Immeuble, located in Arras (Pas-de-Calais), is a Renaissance château built in the 16th century. The monument is currently closed to visitors.
In the heart of Arras, this building, listed as a Historic Monument since 1920, epitomises the elegance of Flemish architecture, with its sandstone arcades and rhythmic façade typical of the great baroque squares of Arras.

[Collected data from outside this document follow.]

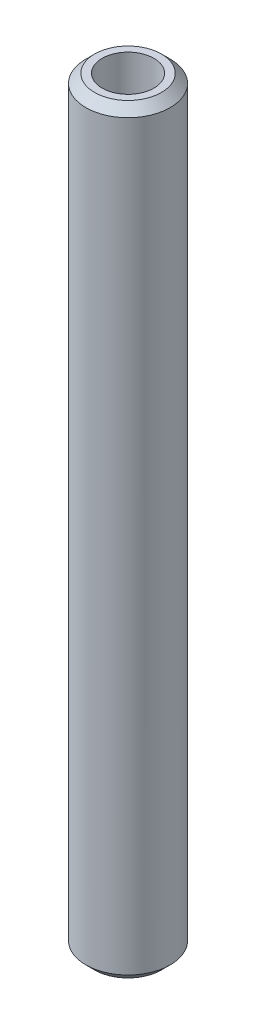
SolidWorks part; units mm, degrees
ref_plane "Front Plane" through (0, 0, 0) normal (0, 0, 1) x (1, 0, 0)
ref_plane "Top Plane" through (0, 0, 0) normal (0, 1, 0) x (1, 0, 0)
ref_plane "Right Plane" through (0, 0, 0) normal (1, 0, 0) x (0, 0, -1)
sketch "Sketch1" plane through (0, 0, 0) normal (0, 1, 0) x (1, 0, 0)
  circle A0 centre (0, 0) radius 27.5
  dimension "SHAFT_OD" = 55
extrude "Boss-Extrude1" add sketch "Sketch1" along normal blind 495.9909
sketch "Sketch2" plane through (0, 0, 0) normal (0, 1, 0) x (1, 0, 0)
  circle A0 centre (0, 0) radius 16.8894
  dimension "BORE_D" = 33.7788
extrude "Cut-Extrude1" cut sketch "Sketch2" along normal through all
chamfer "Chamfer1" distance 5.7122 angle 45 2 edges at (0, 495.9909, 27.5) (0, 0, 27.5)
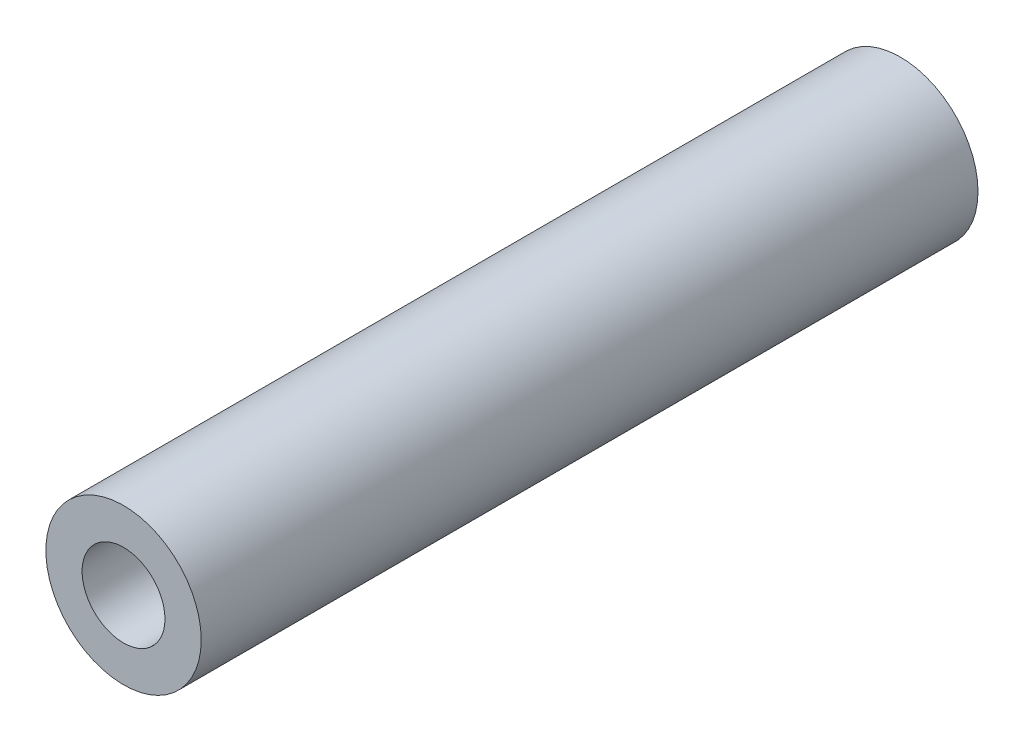
SolidWorks part; units mm, degrees
material "ABS"
ref_plane "Front Plane" through (0, 0, 0) normal (0, 0, 1) x (1, 0, 0)
ref_plane "Top Plane" through (0, 0, 0) normal (0, 1, 0) x (1, 0, 0)
ref_plane "Right Plane" through (0, 0, 0) normal (1, 0, 0) x (0, 0, -1)
sketch "Sketch1" plane through (0, 0, 0) normal (0, 0, 1) x (1, 0, 0)
  line L0 (0, 1.6) -> (0, 3) construction
  line L1 (0, -1.6) -> (0, -3) construction
  circle A0 centre (0, 0) radius 3
  circle A1 centre (0, 0) radius 1.6
  dimension "OD" = 6
  dimension "ID" = 3.2
sketch "Sketch2" plane through (0, 0, 0) normal (1, 0, 0) x (0, 0, -1)
  line L0 (-15, 1.6) -> (15, 1.6) construction
  line L1 (-15, -1.6) -> (15, -1.6) construction
  line L2 (-15, -3) -> (15, -3) construction
  line L3 (-15, 3) -> (15, 3) construction
  dimension "Length" = 30
extrude "Extrude1" add sketch "Sketch1" along normal up to vertex (15 mm away) and the other way up to vertex (15 mm away) up to point (0, 1.6, 15) other way up to point (0, 1.6, -15)
sketch "Sketch3" plane through (0, 0, 15) normal (0, 0, 1) x (1, 0, 0)
  circle A0 centre (0, 0) radius 1.6 construction
  circle A3 centre (0, 0) radius 1.6
  point P3 (-1.6, 0)

Arras, the capital of the Artois region, is one of the French towns whose civil architectural heritage has suffered most from the conflicts, but it is also one of those that has managed to recover with remarkable stylistic coherence. Within this exceptional urban fabric, this building, listed as a Historic Monument by decree of 17 January 1920, bears witness to the bourgeois and commercial architecture that made the city famous in the 17th and 18th centuries. The uniqueness of this building lies in the fact that it is part of the flamando-baroque architectural tradition typical of the Artois region: facades in bluestone or brick and sandstone, arcades on the ground floor forming the famous "covered passageways" allowing merchants to move around in bad weather, stepped or scrolled gables topping strictly ordered bays. This decorative vocabulary, a legacy of the historical links between the Artois region and the Spanish Netherlands, gives Arras buildings an identity unrivalled in northern France. To visit this building is to be carried away by the memory of a prosperous merchant town, whose clothiers and merchants built a fortune visible in every sculpted lintel and polished sandstone pillar. The facade is in dialogue with the grand squares of the Grand'Place and Place des Héros, listed as some of the most beautiful and coherent architectural ensembles in Northern Europe. For lovers of civil architecture, curious strollers or photographers in search of framing shots, this building offers a concentrate of the art of building in the Artes region: harmonious proportions, noble materials, sculpted details revealing the hand of journeymen masters of their art. The low-angled light at the end of the day, reflected by the sandstone paving stones, transforms the façade into a particularly striking study in volumes and shadows.
The building is part of the Flamando-Baroque architectural tradition of Artois, characterised by a formal vocabulary that is codified but highly elegant. The façade features a vertical layout of regular bays, enlivened by pilasters or engaged columns in ashlar limestone or bluish sandstone, a material quarried in the Artois and Cambrésis regions. The ground floor is pierced by semi-circular or basket-handle arches, forming the typical canopies of the great squares of Arras, which enabled merchants and shoppers to move around sheltered from the rain. The two or three storeys are punctuated by mullioned or transomed windows, framed by moulded architraves and sometimes topped by triangular or curved pediments. The roof, steeply pitched in the northern tradition, is covered in slate or mechanical tiles and crowned with a scrolled or stepped gable that is the most immediately recognisable visual signature of Arras' civil architecture. The interior structure is based on thick load-bearing walls, with a stone or carved wooden baluster staircase serving the upper floors. Exposed joist floors, black Marquise marble fireplaces and painted wood panelling bear witness to the care taken with the interior decor. The ensemble reflects the technical and decorative mastery inherited from journeymen carpenters and stonemasons trained in the region's lodges.
Immeuble is located in Arras, Pas-de-Calais department, Hauts-de-France region, France.
Immeuble dates back to a period built during the Renaissance (16th century).
Immeuble is currently closed to visitors.